Please give the whole listing again word for word, and drop any pictures it holds.

— Extracted entries —
===
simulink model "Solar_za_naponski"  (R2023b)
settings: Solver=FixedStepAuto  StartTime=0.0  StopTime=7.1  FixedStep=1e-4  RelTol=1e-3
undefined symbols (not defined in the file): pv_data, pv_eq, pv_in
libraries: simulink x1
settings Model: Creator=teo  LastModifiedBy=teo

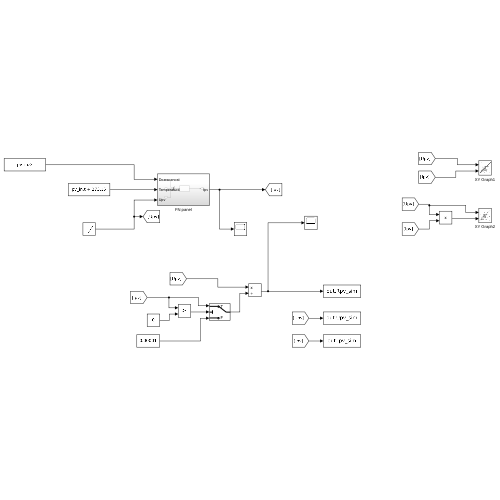
[thumbnail: Simulink's stored preview of the top-level diagram]
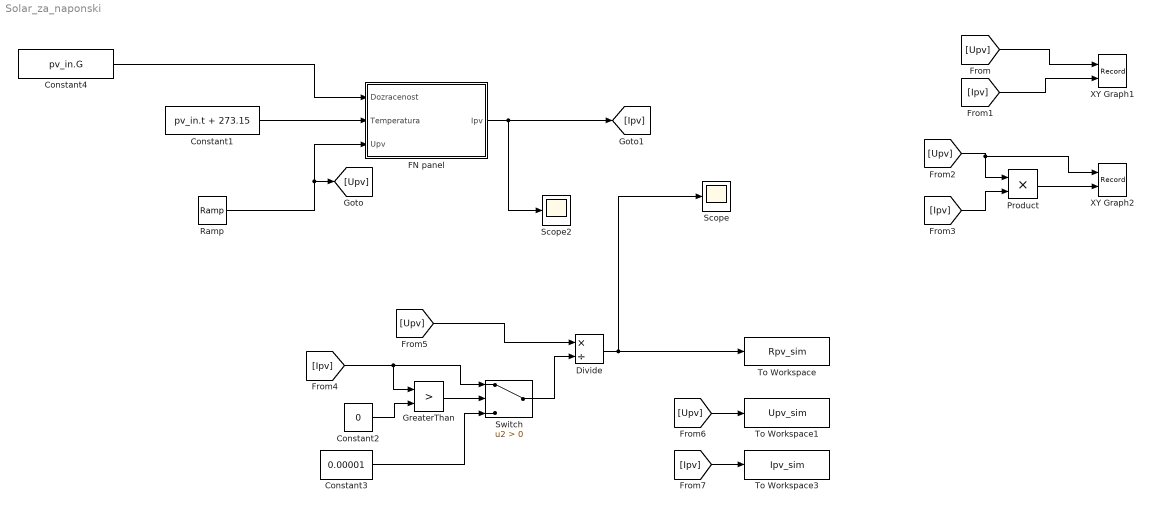
== system Solar_za_naponski ==
  Constant1 : Constant  Value=pv_in.t + 273.15
  Constant2 : Constant  Value=0
  Constant3 : Constant  Value=0.00001
  Constant4 : Constant  Value=pv_in.G
  Divide : Product  Inputs=*/
  FN panel : Subsystem
  GreaterThan : RelationalOperator  Operator=>  OutDataTypeStr=boolean  RndMeth=Simplest  InputSameDT=off
  Product : Product
  Ramp : simulink/Sources/Ramp  slope=1  start=0  InitialOutput=0
  Scope : Scope
  Scope2 : Scope
  Switch : Switch  Criteria=u2 > Threshold  SaturateOnIntegerOverflow=off  InputSameDT=off
  To Workspace : ToWorkspace  VariableName=Rpv_sim  SaveFormat=Timeseries  SampleTime=-1
  To Workspace1 : ToWorkspace  VariableName=Upv_sim  SaveFormat=Timeseries  SampleTime=-1
  To Workspace3 : ToWorkspace  VariableName=Ipv_sim  SaveFormat=Timeseries  SampleTime=-1
  XY Graph1 : Record  FileSettingsInternal="{\"entries\":[{\"content\":{\"excelSettings\":{\"content\":{},\"type\":\"Streamout.ExcelSettings\"}},\"type\":\"Streamout.FileSettingStorage\",\"uuid\":\"\"}],\"packageUris\":[\"http:\\/\\/schema.mathworks.com\\/mf0\\/streamout_blocks\\/R2020a\"],\"version\":\"1.0\"}"  Layout=[1 1]  SignalsInternal="{\"entries\":[{\"content\":{\"signals\":[{\"content\":{\"blockPath\":[],\"dimensions\":[1],\"domain\":\"\",\"lineColor\":\"#edb120\",\"plots\":[1],\"port\":1,\"sid\":[\"\"],\"signalID\":10577,\"signalName\":\"From\"},\"type\":\"RecordBlkView.Signal\",\"uuid\":\"\"},{\"content\":{\"blockPath\":[],\"dimensions\":[1],\"domain\":\"\",\"lineColor\":\"#7e2f8e\",\"plots\":[1],\"port\":2,\"sid\":[\"\"],\"signalID\":10581,\"signalName\":\"From1\"},\"type\":\"RecordBlkView.Signal\",\"uuid\":\"\"}]},\"type\":\"RecordBlkView.InputSignals\",\"uuid\":\"\"}],\"packageUris\":[\"http:\\/\\/schema.mathworks.com\\/mf0\\/streamout_blocks\\/R2020a\"],\"version\":\"1.0\"}"  VisualizationBindings="{\"xyplotplugin\":{\"info\":[{\"series\":[{\"bindingParametersList\":[{\"parameter\":\"X-Axis\",\"signalID\":10577,\"signalName\":\"From\"},{\"parameter\":\"Y-Axis\",\"signalID\":10581,\"signalName\":\"From1\"}],\"seriesID\":9702},{\"bindingParametersList\":[{\"parameter\":\"X-Axis\",\"signalID\":10577,\"signalName\":\"From\"},{\"parameter\":\"Y-Axis\",\"signalID\":10581,\"signalName\":\"From1\"}],\"seriesID\":41395}],\"subplotID\":1}]}}"  CompatibilityTag=XY  st=-1
  XY Graph2 : Record  VariableName=PV_record  Filename=Solar_800W.mldatx  FileSettingsInternal="{\"entries\":[{\"content\":{\"excelSettings\":{\"content\":{},\"type\":\"Streamout.ExcelSettings\"}},\"type\":\"Streamout.FileSettingStorage\",\"uuid\":\"\"}],\"packageUris\":[\"http:\\/\\/schema.mathworks.com\\/mf0\\/streamout_blocks\\/R2020a\"],\"version\":\"1.0\"}"  Layout=[1 1]  SignalsInternal="{\"entries\":[{\"content\":{\"signals\":[{\"content\":{\"blockPath\":[],\"dimensions\":[1],\"domain\":\"\",\"lineColor\":\"#77ac30\",\"plots\":[1],\"port\":1,\"sid\":[\"\"],\"signalID\":10585,\"signalName\":\"From2\"},\"type\":\"RecordBlkView.Signal\",\"uuid\":\"\"},{\"content\":{\"blockPath\":[],\"dimensions\":[1],\"domain\":\"\",\"lineColor\":\"#4dbeee\",\"plots\":[1],\"port\":2,\"sid\":[\"\"],\"signalID\":10589,\"signalName\":\"Product\"},\"type\":\"RecordBlkView.Signal\",\"uuid\":\"\"}]},\"type\":\"RecordBlkView.InputSignals\",\"uuid\":\"\"}],\"packageUris\":[\"http:\\/\\/schema.mathworks.com\\/mf0\\/streamout_blocks\\/R2020a\"],\"version\":\"1.0\"}"  VisualizationBindings="{\"xyplotplugin\":{\"info\":[{\"series\":[{\"bindingParametersList\":[{\"parameter\":\"X-Axis\",\"signalID\":10585,\"signalName\":\"From2\"},{\"parameter\":\"Y-Axis\",\"signalID\":10589,\"signalName\":\"Product\"}],\"seriesID\":28985}],\"subplotID\":1}]}}"  CompatibilityTag=XY  st=-1
  wires:
  [Upv] -> XY Graph1/1
  [Ipv] -> XY Graph1/2
  [Ipv] -> Product/2
  FN panel/1(Ipv) -> [Ipv], Scope2/1
  Ramp/1 -> [Upv], FN panel/3(Upv)
  Product/1 -> XY Graph2/2
  [Upv] -> XY Graph2/1, Product/1
  Divide/1 -> Scope/1, To Workspace/1
  [Ipv] -> GreaterThan/1, Switch/1
  Switch/1 -> Divide/2
  [Upv] -> Divide/1
  GreaterThan/1 -> Switch/2
  Constant2/1 -> GreaterThan/2
  Constant3/1 -> Switch/3
  [Upv] -> To Workspace1/1
  [Ipv] -> To Workspace3/1
  Constant4/1 -> FN panel/1(Dozracenost)
  Constant1/1 -> FN panel/2(Temperatura)

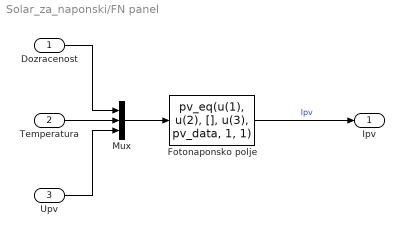
== system Solar_za_naponski/FN panel ==
  Dozracenost : Inport
  Temperatura : Inport  Port=2
  Upv : Inport  Port=3
  Fotonaponsko polje : MATLABFcn  MATLABFcn=pv_eq(u(1), u(2), [], u(3), pv_data, 1, 1)  OutputDimensions=1
  Mux : Mux  Inputs=3
  Ipv : Outport
  wires:
  Fotonaponsko polje/1 -> Ipv/1  "Ipv"
  Mux/1 -> Fotonaponsko polje/1
  Dozracenost/1 -> Mux/1
  Temperatura/1 -> Mux/2
  Upv/1 -> Mux/3
===
— Solution for this problem —
simulink model "Solar_za_naponski"  (R2023b)
settings: Solver=FixedStepAuto  StartTime=0.0  StopTime=7.1  FixedStep=1e-4  RelTol=1e-3
undefined symbols (not defined in the file): pv_data, pv_eq, pv_in
libraries: simulink x1
settings Model: Creator=teo  LastModifiedBy=teo

[thumbnail: Simulink's stored preview of the top-level diagram]
== system Solar_za_naponski ==
  Constant1 : Constant  Value=pv_in.t + 273.15
  Constant2 : Constant  Value=0
  Constant3 : Constant  Value=0.00001
  Constant4 : Constant  Value=pv_in.G
  Divide : Product  Inputs=*/
  FN panel : Subsystem
  GreaterThan : RelationalOperator  Operator=>  OutDataTypeStr=boolean  RndMeth=Simplest  InputSameDT=off
  Product : Product
  Ramp : simulink/Sources/Ramp  slope=1  start=0  InitialOutput=0
  Scope : Scope
  Scope2 : Scope
  Switch : Switch  Criteria=u2 > Threshold  SaturateOnIntegerOverflow=off  InputSameDT=off
  To Workspace : ToWorkspace  VariableName=Rpv_sim  SaveFormat=Timeseries  SampleTime=-1
  To Workspace1 : ToWorkspace  VariableName=Upv_sim  SaveFormat=Timeseries  SampleTime=-1
  To Workspace3 : ToWorkspace  VariableName=Ipv_sim  SaveFormat=Timeseries  SampleTime=-1
  XY Graph1 : Record  FileSettingsInternal="{\"entries\":[{\"content\":{\"excelSettings\":{\"content\":{},\"type\":\"Streamout.ExcelSettings\"}},\"type\":\"Streamout.FileSettingStorage\",\"uuid\":\"\"}],\"packageUris\":[\"http:\\/\\/schema.mathworks.com\\/mf0\\/streamout_blocks\\/R2020a\"],\"version\":\"1.0\"}"  Layout=[1 1]  SignalsInternal="{\"entries\":[{\"content\":{\"signals\":[{\"content\":{\"blockPath\":[],\"dimensions\":[1],\"domain\":\"\",\"lineColor\":\"#edb120\",\"plots\":[1],\"port\":1,\"sid\":[\"\"],\"signalID\":10577,\"signalName\":\"From\"},\"type\":\"RecordBlkView.Signal\",\"uuid\":\"\"},{\"content\":{\"blockPath\":[],\"dimensions\":[1],\"domain\":\"\",\"lineColor\":\"#7e2f8e\",\"plots\":[1],\"port\":2,\"sid\":[\"\"],\"signalID\":10581,\"signalName\":\"From1\"},\"type\":\"RecordBlkView.Signal\",\"uuid\":\"\"}]},\"type\":\"RecordBlkView.InputSignals\",\"uuid\":\"\"}],\"packageUris\":[\"http:\\/\\/schema.mathworks.com\\/mf0\\/streamout_blocks\\/R2020a\"],\"version\":\"1.0\"}"  VisualizationBindings="{\"xyplotplugin\":{\"info\":[{\"series\":[{\"bindingParametersList\":[{\"parameter\":\"X-Axis\",\"signalID\":10577,\"signalName\":\"From\"},{\"parameter\":\"Y-Axis\",\"signalID\":10581,\"signalName\":\"From1\"}],\"seriesID\":9702},{\"bindingParametersList\":[{\"parameter\":\"X-Axis\",\"signalID\":10577,\"signalName\":\"From\"},{\"parameter\":\"Y-Axis\",\"signalID\":10581,\"signalName\":\"From1\"}],\"seriesID\":41395}],\"subplotID\":1}]}}"  CompatibilityTag=XY  st=-1
  XY Graph2 : Record  VariableName=PV_record  Filename=Solar_800W.mldatx  FileSettingsInternal="{\"entries\":[{\"content\":{\"excelSettings\":{\"content\":{},\"type\":\"Streamout.ExcelSettings\"}},\"type\":\"Streamout.FileSettingStorage\",\"uuid\":\"\"}],\"packageUris\":[\"http:\\/\\/schema.mathworks.com\\/mf0\\/streamout_blocks\\/R2020a\"],\"version\":\"1.0\"}"  Layout=[1 1]  SignalsInternal="{\"entries\":[{\"content\":{\"signals\":[{\"content\":{\"blockPath\":[],\"dimensions\":[1],\"domain\":\"\",\"lineColor\":\"#77ac30\",\"plots\":[1],\"port\":1,\"sid\":[\"\"],\"signalID\":10585,\"signalName\":\"From2\"},\"type\":\"RecordBlkView.Signal\",\"uuid\":\"\"},{\"content\":{\"blockPath\":[],\"dimensions\":[1],\"domain\":\"\",\"lineColor\":\"#4dbeee\",\"plots\":[1],\"port\":2,\"sid\":[\"\"],\"signalID\":10589,\"signalName\":\"Product\"},\"type\":\"RecordBlkView.Signal\",\"uuid\":\"\"}]},\"type\":\"RecordBlkView.InputSignals\",\"uuid\":\"\"}],\"packageUris\":[\"http:\\/\\/schema.mathworks.com\\/mf0\\/streamout_blocks\\/R2020a\"],\"version\":\"1.0\"}"  VisualizationBindings="{\"xyplotplugin\":{\"info\":[{\"series\":[{\"bindingParametersList\":[{\"parameter\":\"X-Axis\",\"signalID\":10585,\"signalName\":\"From2\"},{\"parameter\":\"Y-Axis\",\"signalID\":10589,\"signalName\":\"Product\"}],\"seriesID\":28985}],\"subplotID\":1}]}}"  CompatibilityTag=XY  st=-1
  wires:
  [Upv] -> XY Graph1/1
  [Ipv] -> XY Graph1/2
  [Ipv] -> Product/2
  FN panel/1(Ipv) -> [Ipv], Scope2/1
  Ramp/1 -> [Upv], FN panel/3(Upv)
  Product/1 -> XY Graph2/2
  [Upv] -> XY Graph2/1, Product/1
  Divide/1 -> Scope/1, To Workspace/1
  [Ipv] -> GreaterThan/1, Switch/1
  Switch/1 -> Divide/2
  [Upv] -> Divide/1
  GreaterThan/1 -> Switch/2
  Constant2/1 -> GreaterThan/2
  Constant3/1 -> Switch/3
  [Upv] -> To Workspace1/1
  [Ipv] -> To Workspace3/1
  Constant4/1 -> FN panel/1(Dozracenost)
  Constant1/1 -> FN panel/2(Temperatura)

== system Solar_za_naponski/FN panel ==
  Dozracenost : Inport
  Temperatura : Inport  Port=2
  Upv : Inport  Port=3
  Fotonaponsko polje : MATLABFcn  MATLABFcn=pv_eq(u(1), u(2), [], u(3), pv_data, 1, 1)  OutputDimensions=1
  Mux : Mux  Inputs=3
  Ipv : Outport
  wires:
  Fotonaponsko polje/1 -> Ipv/1  "Ipv"
  Mux/1 -> Fotonaponsko polje/1
  Dozracenost/1 -> Mux/1
  Temperatura/1 -> Mux/2
  Upv/1 -> Mux/3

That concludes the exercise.